Ensuring Data Quality in Data Warehouses

Data Quality in Data warehouses

“Virtually everything in business today is an undifferentiated commodity, except how a company manages its information. How you manage information determines whether you win or lose.”
Bill Gates

Modern day business applications & systems produce tons of data that can be smartly used by decision makers and managers, but in many cases the data sources are fragmented and inconsistent. So, despite all the hard work done at the application level, many IT initiatives fail to deliver because of inconsistency and poor quality of underlying data.

Practices such as data quality management (DQM), master data management (MDM) and data warehouse or ETL testing can be used to ensure that high quality data is being used to derive timely, accurate and interesting business patterns for the decision makers.

In this article, my focus will be on importance of data quality testing, and how data warehouse or ETL testing can help in identifying hidden problems within your data and ultimately improving data quality processes of your organization in the long run.

Today, large organizations need data warehouse testing more than ever before. Without testing, the data warehouse could end up producing invalid results and as a result lose the trust of the end business users and decision makers. Effective data quality assurance and testing requires putting together the set of right processes, people and technology and deploying them in productive ways.
Before we start data warehouse testing, it is important to have a proper test plan and a test team that is well versed with data quality management skills. There are several levels and phases of data warehouse and ETL testing; some of which are mentioned below:

Business Requirements Gathering & Testing:

Successful testing starts with gathering and documentation of business and system requirements. Without proper requirements, it is very difficult to measure the system correctness. So, in this phase we gather the requirements; check if they are complete and testable. If there are any ambiguities in requirements they are cleared before moving on to the next phase.

Test documentation & Environment Setup:

Just like any other testing project, DWH testing also involves test planning, and test documentation phase. In this phase test team designs and develops test cases on the basis of the requirements. Further; the test environment is also set up. In this phase; automation and data generation tools can be selected to facilitate the testing activities as well.

Once the test documentation is complete and environment for testing is ready we proceed to the test execution stage. Various types of testing can be performed on DWH or ETL applications, some of which are as follows:

Integration Testing

Integration Testing is done to verify whether or not the system acts as per expectations once the components of the solution are put together. It tests the systems’ functionalities from start to end, focusing on how the data flows throughout. This is also called “system testing” or “end-to-end testing”. In this type of testing; following activities are performed specifically:

  • Verify the sequence & output of ETL batch processes
  • Check that ETL processes work properly with upstream and downstream processes
  • Test the discarded records that fail ETL rules

Data Validation Testing:

Data Validation is the process of testing the data within system. In this phase we check the data by applying different testing techniques to see whether data extraction, transformation and loading functionalities are working properly or not. Some of the activities that we perform during this phase are mentioned below:

  • Compare record counts between different data sources
  • Verify that ETL application properly rejects and replaces invalid data with default values
  • Confirm that data is transformed correctly as per the requirements
  • Check that all data is loaded into the DWH without any data loss or truncation
  • Verify that data intended for transformation has been transformed successfully

Performance Testing:

Properly validating the performance of DWH solution under real world conditions is very important. There are a number of factors to consider while doing DWH/ETL Performance testing such as architecture, hardware specifications, scalability, query complexity, concurrent users, etc. We test the performance of the system from following perspectives:

  • Performance of the system while extracting huge amount of data
  • Performance of the system while transforming and loading a large amount of data
  • Performance of the system while manipulating the data through calculations

User Acceptance Testing:

The aim of User Acceptance Testing (UAT) is to ensure two things: (i) ensure that the data which is being provided to the end user is as per the requirements or not. (ii) ensure that the tools provided to the end user are easy to use and meet their expectations. It should also be confirmed that DWH is producing accurate reports that are easy to interpret for end users.

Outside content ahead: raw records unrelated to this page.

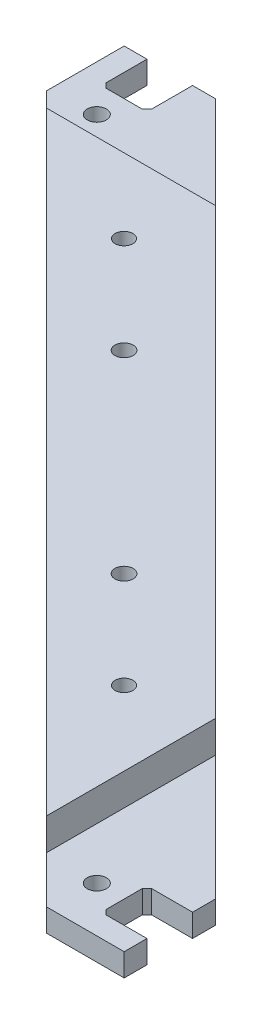
ISO-10303-21;
HEADER;
FILE_DESCRIPTION(('STEP AP214'),'2;1');
FILE_NAME('part.step','',(''),(''),'','','');
FILE_SCHEMA(('AUTOMOTIVE_DESIGN { 1 0 10303 214 1 1 1 1 }'));
ENDSEC;
DATA;
#1=APPLICATION_CONTEXT('core data for automotive mechanical design processes');
#2=APPLICATION_PROTOCOL_DEFINITION('international standard','automotive_design',2000,#1);
#3=PRODUCT_CONTEXT('',#1,'mechanical');
#4=PRODUCT('Part','Part','',(#3));
#5=PRODUCT_RELATED_PRODUCT_CATEGORY('part','',(#4));
#6=PRODUCT_DEFINITION_FORMATION('','',#4);
#7=PRODUCT_DEFINITION_CONTEXT('part definition',#1,'design');
#8=PRODUCT_DEFINITION('design','',#6,#7);
#9=PRODUCT_DEFINITION_SHAPE('','',#8);
#10=(LENGTH_UNIT() NAMED_UNIT(*) SI_UNIT(.MILLI.,.METRE.));
#11=(NAMED_UNIT(*) PLANE_ANGLE_UNIT() SI_UNIT($,.RADIAN.));
#12=(NAMED_UNIT(*) SI_UNIT($,.STERADIAN.) SOLID_ANGLE_UNIT());
#13=UNCERTAINTY_MEASURE_WITH_UNIT(LENGTH_MEASURE(1.E-05),#10,'distance_accuracy_value','');
#14=(GEOMETRIC_REPRESENTATION_CONTEXT(3) GLOBAL_UNCERTAINTY_ASSIGNED_CONTEXT((#13)) GLOBAL_UNIT_ASSIGNED_CONTEXT((#10,
#11,#12)) REPRESENTATION_CONTEXT('',''));
#15=CARTESIAN_POINT('',(0.,0.,0.));
#16=DIRECTION('',(0.,0.,1.));
#17=DIRECTION('',(1.,0.,0.));
#18=AXIS2_PLACEMENT_3D('',#15,#16,#17);
#19=CARTESIAN_POINT('',(172.,12.,171.999999999999));
#20=DIRECTION('',(-1.,0.,0.));
#21=DIRECTION('',(0.,0.,1.));
#22=AXIS2_PLACEMENT_3D('',#19,#20,#21);
#23=PLANE('',#22);
#24=DIRECTION('',(0.,0.,-1.));
#25=VECTOR('',#24,1.);
#26=CARTESIAN_POINT('',(172.,0.,171.999999999999));
#27=LINE('',#26,#25);
#28=CARTESIAN_POINT('',(172.,0.,171.999999999999));
#29=VERTEX_POINT('',#28);
#30=CARTESIAN_POINT('',(172.,0.,166.999999999999));
#31=VERTEX_POINT('',#30);
#32=EDGE_CURVE('E403',#29,#31,#27,.T.);
#33=ORIENTED_EDGE('',*,*,#32,.T.);
#34=DIRECTION('',(0.,1.,0.));
#35=VECTOR('',#34,1.);
#36=CARTESIAN_POINT('',(172.,0.,166.999999999999));
#37=LINE('',#36,#35);
#38=CARTESIAN_POINT('',(172.,5.,166.999999999999));
#39=VERTEX_POINT('',#38);
#40=EDGE_CURVE('E453',#31,#39,#37,.T.);
#41=ORIENTED_EDGE('',*,*,#40,.T.);
#42=DIRECTION('',(0.,0.,-1.));
#43=VECTOR('',#42,1.);
#44=CARTESIAN_POINT('',(172.,5.,171.999999999999));
#45=LINE('',#44,#43);
#46=CARTESIAN_POINT('',(172.,5.,171.999999999999));
#47=VERTEX_POINT('',#46);
#48=EDGE_CURVE('E364',#47,#39,#45,.T.);
#49=ORIENTED_EDGE('',*,*,#48,.F.);
#50=DIRECTION('',(0.,-1.,0.));
#51=VECTOR('',#50,1.);
#52=CARTESIAN_POINT('',(172.,12.,171.999999999999));
#53=LINE('',#52,#51);
#54=EDGE_CURVE('E247',#47,#29,#53,.T.);
#55=ORIENTED_EDGE('',*,*,#54,.T.);
#56=EDGE_LOOP('',(#33,#41,#49,#55));
#57=FACE_BOUND('',#56,.T.);
#58=ADVANCED_FACE('F51',(#57),#23,.F.);
#59=CARTESIAN_POINT('',(0.,12.,0.));
#60=DIRECTION('',(0.,0.,1.));
#61=DIRECTION('',(1.,0.,0.));
#62=AXIS2_PLACEMENT_3D('',#59,#60,#61);
#63=PLANE('',#62);
#64=DIRECTION('',(-1.,0.,0.));
#65=VECTOR('',#64,1.);
#66=CARTESIAN_POINT('',(0.,5.,0.));
#67=LINE('',#66,#65);
#68=CARTESIAN_POINT('',(5.,5.,0.));
#69=VERTEX_POINT('',#68);
#70=CARTESIAN_POINT('',(0.,5.,0.));
#71=VERTEX_POINT('',#70);
#72=EDGE_CURVE('E432',#69,#71,#67,.T.);
#73=ORIENTED_EDGE('',*,*,#72,.F.);
#74=DIRECTION('',(0.,1.,0.));
#75=VECTOR('',#74,1.);
#76=CARTESIAN_POINT('',(5.,0.,0.));
#77=LINE('',#76,#75);
#78=CARTESIAN_POINT('',(5.,0.,0.));
#79=VERTEX_POINT('',#78);
#80=EDGE_CURVE('E224',#79,#69,#77,.T.);
#81=ORIENTED_EDGE('',*,*,#80,.F.);
#82=DIRECTION('',(-1.,0.,0.));
#83=VECTOR('',#82,1.);
#84=CARTESIAN_POINT('',(0.,0.,0.));
#85=LINE('',#84,#83);
#86=CARTESIAN_POINT('',(0.,0.,0.));
#87=VERTEX_POINT('',#86);
#88=EDGE_CURVE('E231',#79,#87,#85,.T.);
#89=ORIENTED_EDGE('',*,*,#88,.T.);
#90=DIRECTION('',(0.,-1.,0.));
#91=VECTOR('',#90,1.);
#92=CARTESIAN_POINT('',(0.,12.,0.));
#93=LINE('',#92,#91);
#94=EDGE_CURVE('E240',#71,#87,#93,.T.);
#95=ORIENTED_EDGE('',*,*,#94,.F.);
#96=EDGE_LOOP('',(#73,#81,#89,#95));
#97=FACE_BOUND('',#96,.T.);
#98=ADVANCED_FACE('F332',(#97),#63,.F.);
#99=CARTESIAN_POINT('',(0.,12.,0.));
#100=DIRECTION('',(1.,0.,0.));
#101=DIRECTION('',(0.,0.,-1.));
#102=AXIS2_PLACEMENT_3D('',#99,#100,#101);
#103=PLANE('',#102);
#104=DIRECTION('',(0.,0.,1.));
#105=VECTOR('',#104,1.);
#106=CARTESIAN_POINT('',(0.,5.,0.));
#107=LINE('',#106,#105);
#108=CARTESIAN_POINT('',(0.,5.,17.));
#109=VERTEX_POINT('',#108);
#110=EDGE_CURVE('E379',#71,#109,#107,.T.);
#111=ORIENTED_EDGE('',*,*,#110,.F.);
#112=ORIENTED_EDGE('',*,*,#94,.T.);
#113=DIRECTION('',(0.,0.,1.));
#114=VECTOR('',#113,1.);
#115=CARTESIAN_POINT('',(0.,0.,0.));
#116=LINE('',#115,#114);
#117=CARTESIAN_POINT('',(0.,0.,17.));
#118=VERTEX_POINT('',#117);
#119=EDGE_CURVE('E391',#87,#118,#116,.T.);
#120=ORIENTED_EDGE('',*,*,#119,.T.);
#121=DIRECTION('',(0.,-1.,0.));
#122=VECTOR('',#121,1.);
#123=CARTESIAN_POINT('',(0.,12.,17.));
#124=LINE('',#123,#122);
#125=EDGE_CURVE('E251',#109,#118,#124,.T.);
#126=ORIENTED_EDGE('',*,*,#125,.F.);
#127=EDGE_LOOP('',(#111,#112,#120,#126));
#128=FACE_BOUND('',#127,.T.);
#129=ADVANCED_FACE('F340',(#128),#103,.F.);
#130=CARTESIAN_POINT('',(155.,12.,171.999999999999));
#131=DIRECTION('',(0.,0.,-1.));
#132=DIRECTION('',(-1.,0.,0.));
#133=AXIS2_PLACEMENT_3D('',#130,#131,#132);
#134=PLANE('',#133);
#135=DIRECTION('',(1.,0.,0.));
#136=VECTOR('',#135,1.);
#137=CARTESIAN_POINT('',(172.,5.,171.999999999999));
#138=LINE('',#137,#136);
#139=CARTESIAN_POINT('',(155.,5.,171.999999999999));
#140=VERTEX_POINT('',#139);
#141=EDGE_CURVE('E375',#140,#47,#138,.T.);
#142=ORIENTED_EDGE('',*,*,#141,.F.);
#143=DIRECTION('',(0.,-1.,0.));
#144=VECTOR('',#143,1.);
#145=CARTESIAN_POINT('',(155.,12.,171.999999999999));
#146=LINE('',#145,#144);
#147=CARTESIAN_POINT('',(155.,0.,171.999999999999));
#148=VERTEX_POINT('',#147);
#149=EDGE_CURVE('E249',#140,#148,#146,.T.);
#150=ORIENTED_EDGE('',*,*,#149,.T.);
#151=DIRECTION('',(1.,0.,0.));
#152=VECTOR('',#151,1.);
#153=CARTESIAN_POINT('',(155.,0.,171.999999999999));
#154=LINE('',#153,#152);
#155=EDGE_CURVE('E400',#148,#29,#154,.T.);
#156=ORIENTED_EDGE('',*,*,#155,.T.);
#157=ORIENTED_EDGE('',*,*,#54,.F.);
#158=EDGE_LOOP('',(#142,#150,#156,#157));
#159=FACE_BOUND('',#158,.T.);
#160=ADVANCED_FACE('F347',(#159),#134,.F.);
#161=CARTESIAN_POINT('',(172.,5.,156.999999999999));
#162=VERTEX_POINT('',#161);
#163=CARTESIAN_POINT('',(172.,5.,151.999999999999));
#164=VERTEX_POINT('',#163);
#165=EDGE_CURVE('E358',#162,#164,#45,.T.);
#166=ORIENTED_EDGE('',*,*,#165,.F.);
#167=DIRECTION('',(0.,1.,0.));
#168=VECTOR('',#167,1.);
#169=CARTESIAN_POINT('',(172.,0.,156.999999999999));
#170=LINE('',#169,#168);
#171=CARTESIAN_POINT('',(172.,0.,156.999999999999));
#172=VERTEX_POINT('',#171);
#173=EDGE_CURVE('E359',#172,#162,#170,.T.);
#174=ORIENTED_EDGE('',*,*,#173,.F.);
#175=CARTESIAN_POINT('',(172.,0.,151.999999999999));
#176=VERTEX_POINT('',#175);
#177=EDGE_CURVE('E402',#172,#176,#27,.T.);
#178=ORIENTED_EDGE('',*,*,#177,.T.);
#179=DIRECTION('',(0.,-1.,0.));
#180=VECTOR('',#179,1.);
#181=CARTESIAN_POINT('',(172.,12.,151.999999999999));
#182=LINE('',#181,#180);
#183=EDGE_CURVE('E244',#164,#176,#182,.T.);
#184=ORIENTED_EDGE('',*,*,#183,.F.);
#185=EDGE_LOOP('',(#166,#174,#178,#184));
#186=FACE_BOUND('',#185,.T.);
#187=ADVANCED_FACE('F335',(#186),#23,.F.);
#188=CARTESIAN_POINT('',(20.,0.,0.));
#189=VERTEX_POINT('',#188);
#190=CARTESIAN_POINT('',(15.,0.,0.));
#191=VERTEX_POINT('',#190);
#192=EDGE_CURVE('E207',#189,#191,#85,.T.);
#193=ORIENTED_EDGE('',*,*,#192,.T.);
#194=DIRECTION('',(0.,1.,0.));
#195=VECTOR('',#194,1.);
#196=CARTESIAN_POINT('',(15.,0.,0.));
#197=LINE('',#196,#195);
#198=CARTESIAN_POINT('',(15.,5.,0.));
#199=VERTEX_POINT('',#198);
#200=EDGE_CURVE('E214',#191,#199,#197,.T.);
#201=ORIENTED_EDGE('',*,*,#200,.T.);
#202=CARTESIAN_POINT('',(20.,5.,0.));
#203=VERTEX_POINT('',#202);
#204=EDGE_CURVE('E431',#203,#199,#67,.T.);
#205=ORIENTED_EDGE('',*,*,#204,.F.);
#206=DIRECTION('',(0.,-1.,0.));
#207=VECTOR('',#206,1.);
#208=CARTESIAN_POINT('',(20.,12.,0.));
#209=LINE('',#208,#207);
#210=EDGE_CURVE('E228',#203,#189,#209,.T.);
#211=ORIENTED_EDGE('',*,*,#210,.T.);
#212=EDGE_LOOP('',(#193,#201,#205,#211));
#213=FACE_BOUND('',#212,.T.);
#214=ADVANCED_FACE('F226',(#213),#63,.F.);
#215=CARTESIAN_POINT('',(0.,12.,17.));
#216=DIRECTION('',(0.707106781186546,0.,-0.707106781186549));
#217=DIRECTION('',(-0.707106781186549,0.,-0.707106781186546));
#218=AXIS2_PLACEMENT_3D('',#215,#216,#217);
#219=PLANE('',#218);
#220=DIRECTION('',(0.707106781186549,0.,0.707106781186546));
#221=VECTOR('',#220,1.);
#222=CARTESIAN_POINT('',(0.,12.,17.));
#223=LINE('',#222,#221);
#224=CARTESIAN_POINT('',(10.3,12.,27.3));
#225=VERTEX_POINT('',#224);
#226=CARTESIAN_POINT('',(144.7,12.,161.699999999999));
#227=VERTEX_POINT('',#226);
#228=EDGE_CURVE('E230',#225,#227,#223,.T.);
#229=ORIENTED_EDGE('',*,*,#228,.F.);
#230=DIRECTION('',(0.,-1.,0.));
#231=VECTOR('',#230,1.);
#232=CARTESIAN_POINT('',(10.3,12.,27.3));
#233=LINE('',#232,#231);
#234=CARTESIAN_POINT('',(10.3,5.,27.3));
#235=VERTEX_POINT('',#234);
#236=EDGE_CURVE('E383',#225,#235,#233,.T.);
#237=ORIENTED_EDGE('',*,*,#236,.T.);
#238=DIRECTION('',(0.707106781186549,0.,0.707106781186546));
#239=VECTOR('',#238,1.);
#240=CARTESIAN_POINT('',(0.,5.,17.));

Challenges in DWH/ETL Testing:

Testing a DWH/ETL application is a bit different from conventional testing but basic concepts remain the same. Test teams may face below mentioned challenges but these challenges can be overcome by doing proper planning and using suitable techniques.

  • Setting up a dedicated test environment
  • Missing business flows & requirements
  • Preparing huge test data
  • Privileges issues to execute ETL jobs
  • Incompatible, invalid or missing data


In the light of the above discussion we can easily conclude that testing ETL process and DWH is very critical for the success of DWH system. If quality is not ensured and wrong results are being produced, then not only the users will lose faith in the system but business can also suffer huge losses because of the wrong decisions made on the basis of wrong results and wrong data.